Weather stations can help with:

  • Solar radiation
  • Precipitation
  • Air temperature
  • Barometric (air) pressure
  • Vapor pressure
  • Relative humidity
  • Wind speed
  • Wind direction
  • Maximum wind gust
  • Lightning strikes
  • Lightning distance
  • Tilt
  • Irrigation scheduling
  • Degree Day models
    • Chilling hours
    • Growing Degree Hours
  • Freeze protection

Air temperature and relative humidity are key components in calculating vapor pressure deficit (VPD), or how dry the air is given temperature and humidity. In turn, VPD will determine the level of evapotranspiration (ET), which is water loss from plants and soil. For this reason, ET is an accurate means of determining irrigation needs.

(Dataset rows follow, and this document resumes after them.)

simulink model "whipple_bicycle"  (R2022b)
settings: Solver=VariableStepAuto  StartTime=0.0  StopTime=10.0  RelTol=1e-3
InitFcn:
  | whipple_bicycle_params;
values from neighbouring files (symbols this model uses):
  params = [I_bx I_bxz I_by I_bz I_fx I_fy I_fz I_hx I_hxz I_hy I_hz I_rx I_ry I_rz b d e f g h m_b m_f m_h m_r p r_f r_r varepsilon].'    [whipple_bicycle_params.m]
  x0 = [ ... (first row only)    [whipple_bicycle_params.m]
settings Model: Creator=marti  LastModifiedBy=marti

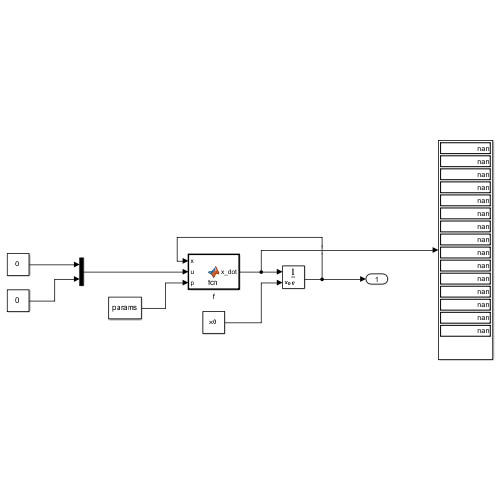
[thumbnail: Simulink's stored preview of the top-level diagram]
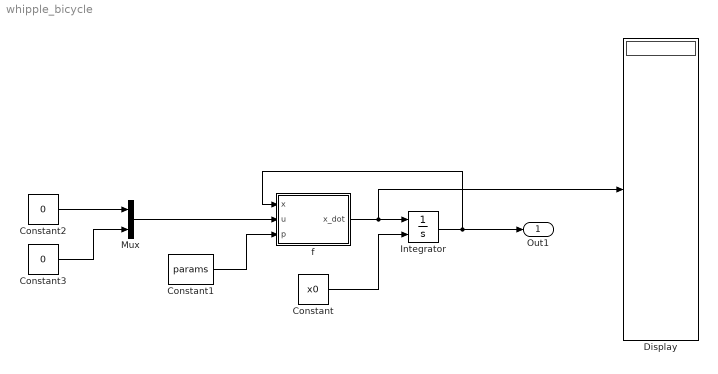
== system whipple_bicycle ==
  Constant : Constant  Value=x0
  Constant1 : Constant  Value=params
  Constant2 : Constant  Value=0
  Constant3 : Constant  Value=0
  Display : Display
  Integrator : Integrator  InitialConditionSource=external
  Mux : Mux  Inputs=2
  f : MATLAB Function  TreatAsAtomicUnit=on
  Out1 : Outport
  wires:
  f/1(x_dot) -> Display/1, Integrator/1
  Constant/1 -> Integrator/2
  Constant1/1 -> f/3(p)
  Integrator/1 -> Out1/1, f/1(x)
  Mux/1 -> f/2(u)
  Constant2/1 -> Mux/1
  Constant3/1 -> Mux/2

== matlab function whipple_bicycle/f ==
  data: x input; u input; p input; x_dot output
function x_dot = fcn(x,u,p)
x_dot = whippleBicycle(x,u,p);

Wind can also affect ET, and thus plant water use, by moving humid air away from the plant canopy or soil. Wind reduces the boundary layer resistance for water movement from the crop or soil to the air. More air movement results in greater evaporation and transpiration.

Rainfall volume is also important for scheduling irrigation. The actual volume, and not just the occurrence of rain, is important for ensuring that the soil is brought back to the optimal moisture range.

Having real time weather data available will allow growers to make more precise management decisions such as spray timings, accumulation of chill portions and trigger points for irrigation. Some growers are currently using weather stations at airports and research stations 15-20km away from orchards and using this data to record spray conditions. Conditions experienced at these areas are often different at growers orchards, resulting in inaccurate data. For example at the NSW DPI Climate Smart Pilots demonstration site, the Atmos41 weather station deployed on farm was recording  required chill accumulation 2 weeks later than the previously used weather station at the airport.

Table showing the different dates of chill portions in different locations

“Having the weather station on farm allows me to look at the conditions on my phone in real time making it easier to record things like spraying”, Orange Apple and Cherry Grower, NSW.

Weather stations can also provide greater insights into when to deploy protective sprays such as sunscreen in apples. When temperatures increase above 30oC growers may apply protective sunscreen to crops to ensure protection against heat induced sunburn. If growers use a weather station, they can get more accurate trigger points, resulting in better protection for their crop.

Automatic Weather Stations can also measure rainfall, which can reduce the need for the grower to go out and empty the gauge after weather events. This allows for very accurate measuring and may be used in conjunction with soil moisture probes to view water management digitally.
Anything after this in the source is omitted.